- [BRIEF]:
Output, exactly as written, the lines below starting at the line containing "- Mate:3: arm_body_qty1:1" and ending at the line containing "- Insert:9: Mounting". Drop the pictures and keep both end lines.

**** DATASET RECORDS

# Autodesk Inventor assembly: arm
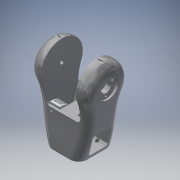
[picture p0: Inventor's stored thumbnail of the model, 180x180]
Saved by Autodesk Inventor 2019 (Build 230136000, 136)
## iProperties
Created: 2020-03-22
Part Number: arm
Document SubType Name: Assembly
Designer: james
Author: james
## Documents named in this file (5)
- F:\JimsRobot\FIRSTRobots\Design\RBX1-REMIX\arm\arm.iam
- F:\JimsRobot\FIRSTRobots\Design\RBX1-REMIX\arm\arm_body_qty1.ipt
- F:\JimsRobot\FIRSTRobots\Design\RBX1-REMIX\arm\armTens.iam
- F:\JimsRobot\FIRSTRobots\Design\Library\McMaster\StepperMotor\Nema 17 6627T670_POSITION-CONTROL DC MOTOR.ipt
- F:\JimsRobot\FIRSTRobots\Design\Library\McMaster\StepperMotor\Nema 14 6627T380_POSITION-CONTROL DC MOTOR.ipt
## Components (4 placed, 4 different names)
1. arm_body_qty1:1 — Mate:1, Mate:2, Mate:3, Mate:4
2. armTens:1 [sub-assembly] — Mate:1, Mate:2
3. Nema 17 6627T670_POSITION-CONTROL DC MOTOR:1 — Mate:4
4. Nema 14 6627T380_POSITION-CONTROL DC MOTOR:1 — Mate:3
## Relationships (4: Mate 4)
- Mate:1: arm_body_qty1:1 ↔ armTens:1
- Mate:2: arm_body_qty1:1 ↔ armTens:1
- Mate:3: arm_body_qty1:1 ↔ Nema 14 6627T380_POSITION-CONTROL DC MOTOR:1
- Mate:4: arm_body_qty1:1 ↔ Nema 17 6627T670_POSITION-CONTROL DC MOTOR:1
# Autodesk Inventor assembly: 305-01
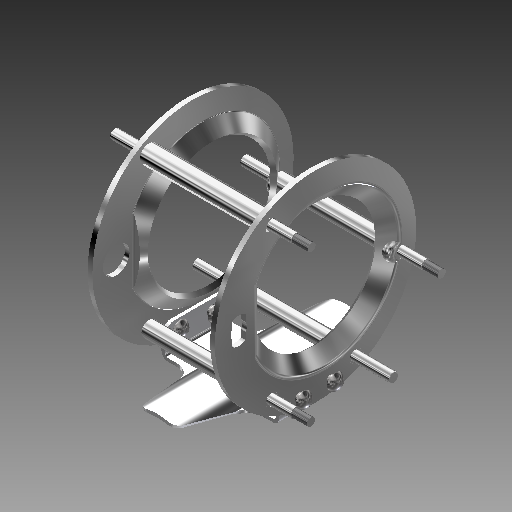
[picture p0: Inventor's stored thumbnail of the model, 512x512]
Saved by Autodesk Inventor 2019 (Build 230136000, 136)
## iProperties
Company: Autodesk Inc.
Created: 2012-01-24
Part Number: 305-01
Document SubType Name: Assembly
Designer: Autodesk Inc.
Mass: 33.0407 g
Surface Area: 171.485 cm^2
Volume: 11.6968 cm^3
Density: 2.82478 g/cm^3
Author: Inventor
## Documents named in this file (8)
- C:\TEMP\Fishing Rod\Workspaces\Reel Cage Assembly.iam
- C:\TEMP\Fishing Rod\Workspaces\Slotted Strut.ipt
- C:\TEMP\Fishing Rod\Workspaces\Spool Frame Ring - Back.ipt
- C:\TEMP\Fishing Rod\Workspaces\Spool Frame Ring - Front.ipt
- C:\TEMP\Fishing Rod\Workspaces\Strut.ipt
- C:\TEMP\Fishing Rod\Workspaces\Threaded Strut.ipt
- C:\TEMP\Fishing Rod\Workspaces\Mounting Bracket.ipt
- C:\TEMP\Fishing Rod\Workspaces\CNS 7339 - 3 x 8 x 2.5.ipt
## Components (11 placed, 7 different names)
1. Slotted Strut:1 — Insert:1, Angle:2, Flush:7
2. Spool Frame Ring - Back:1 — Insert:1, Insert:2, Insert:3, Insert:4, Mate:1, Angle:2, Mate:3, Mate:4, Mate:5, Insert:11
3. Spool Frame Ring - Front:1 — Mate:13, Mate:6, Flush:7
4. Strut:1 — Insert:4, Mate:6
5. Threaded Strut:1 — Insert:2, Mate:13
6. Threaded Strut:2 — Insert:3
7. Mounting Bracket:1 — Mate:3, Mate:4, Flush:6, Insert:8, Mate:5, Insert:9, Insert:10
8. CNS 7339 - 3 x 8 x 2.5:1 — Insert:8
9. CNS 7339 - 3 x 8 x 2.5:1 — Insert:9
10. CNS 7339 - 3 x 8 x 2.5:2 — Insert:10
11. CNS 7339 - 3 x 8 x 2.5:2 — Insert:11
## Relationships (17: Insert 8, Mate 6, Flush 2, Angle 1)
- Insert:1: Slotted Strut:1 ↔ Spool Frame Ring - Back:1
- Insert:2: Spool Frame Ring - Back:1 ↔ Threaded Strut:1
- Insert:3: Spool Frame Ring - Back:1 ↔ Threaded Strut:2
- Insert:4: Spool Frame Ring - Back:1 ↔ Strut:1
- Mate:1: Spool Frame Ring - Back:1
- Angle:2 (0 deg): Slotted Strut:1 ↔ Spool Frame Ring - Back:1
- Mate:3: Spool Frame Ring - Back:1 ↔ Mounting Bracket:1
- Mate:4: Spool Frame Ring - Back:1 ↔ Mounting Bracket:1
- Flush:6: Mounting Bracket:1
- Insert:8: Mounting Bracket:1 ↔ CNS 7339 - 3 x 8 x 2.5:1
- Insert:9: Mounting Bracket:1 ↔ CNS 7339 - 3 x 8 x 2.5:1
- Insert:10: Mounting Bracket:1 ↔ CNS 7339 - 3 x 8 x 2.5:2
- Mate:5: Spool Frame Ring - Back:1 ↔ Mounting Bracket:1
- Insert:11: Spool Frame Ring - Back:1 ↔ CNS 7339 - 3 x 8 x 2.5:2
- Mate:13: Spool Frame Ring - Front:1 ↔ Threaded Strut:1
- Mate:6: Spool Frame Ring - Front:1 ↔ Strut:1
- Flush:7: Slotted Strut:1 ↔ Spool Frame Ring - Front:1

********

- [TASK ANSWER]:
- Mate:3: arm_body_qty1:1 ↔ Nema 14 6627T380_POSITION-CONTROL DC MOTOR:1
- Mate:4: arm_body_qty1:1 ↔ Nema 17 6627T670_POSITION-CONTROL DC MOTOR:1
# Autodesk Inventor assembly: 305-01
[picture p0: Inventor's stored thumbnail of the model, 512x512]
Saved by Autodesk Inventor 2019 (Build 230136000, 136)
## iProperties
Company: Autodesk Inc.
Created: 2012-01-24
Part Number: 305-01
Document SubType Name: Assembly
Designer: Autodesk Inc.
Mass: 33.0407 g
Surface Area: 171.485 cm^2
Volume: 11.6968 cm^3
Density: 2.82478 g/cm^3
Author: Inventor
## Documents named in this file (8)
- C:\TEMP\Fishing Rod\Workspaces\Reel Cage Assembly.iam
- C:\TEMP\Fishing Rod\Workspaces\Slotted Strut.ipt
- C:\TEMP\Fishing Rod\Workspaces\Spool Frame Ring - Back.ipt
- C:\TEMP\Fishing Rod\Workspaces\Spool Frame Ring - Front.ipt
- C:\TEMP\Fishing Rod\Workspaces\Strut.ipt
- C:\TEMP\Fishing Rod\Workspaces\Threaded Strut.ipt
- C:\TEMP\Fishing Rod\Workspaces\Mounting Bracket.ipt
- C:\TEMP\Fishing Rod\Workspaces\CNS 7339 - 3 x 8 x 2.5.ipt
## Components (11 placed, 7 different names)
1. Slotted Strut:1 — Insert:1, Angle:2, Flush:7
2. Spool Frame Ring - Back:1 — Insert:1, Insert:2, Insert:3, Insert:4, Mate:1, Angle:2, Mate:3, Mate:4, Mate:5, Insert:11
3. Spool Frame Ring - Front:1 — Mate:13, Mate:6, Flush:7
4. Strut:1 — Insert:4, Mate:6
5. Threaded Strut:1 — Insert:2, Mate:13
6. Threaded Strut:2 — Insert:3
7. Mounting Bracket:1 — Mate:3, Mate:4, Flush:6, Insert:8, Mate:5, Insert:9, Insert:10
8. CNS 7339 - 3 x 8 x 2.5:1 — Insert:8
9. CNS 7339 - 3 x 8 x 2.5:1 — Insert:9
10. CNS 7339 - 3 x 8 x 2.5:2 — Insert:10
11. CNS 7339 - 3 x 8 x 2.5:2 — Insert:11
## Relationships (17: Insert 8, Mate 6, Flush 2, Angle 1)
- Insert:1: Slotted Strut:1 ↔ Spool Frame Ring - Back:1
- Insert:2: Spool Frame Ring - Back:1 ↔ Threaded Strut:1
- Insert:3: Spool Frame Ring - Back:1 ↔ Threaded Strut:2
- Insert:4: Spool Frame Ring - Back:1 ↔ Strut:1
- Mate:1: Spool Frame Ring - Back:1
- Angle:2 (0 deg): Slotted Strut:1 ↔ Spool Frame Ring - Back:1
- Mate:3: Spool Frame Ring - Back:1 ↔ Mounting Bracket:1
- Mate:4: Spool Frame Ring - Back:1 ↔ Mounting Bracket:1
- Flush:6: Mounting Bracket:1
- Insert:8: Mounting Bracket:1 ↔ CNS 7339 - 3 x 8 x 2.5:1
- Insert:9: Mounting Bracket:1 ↔ CNS 7339 - 3 x 8 x 2.5:1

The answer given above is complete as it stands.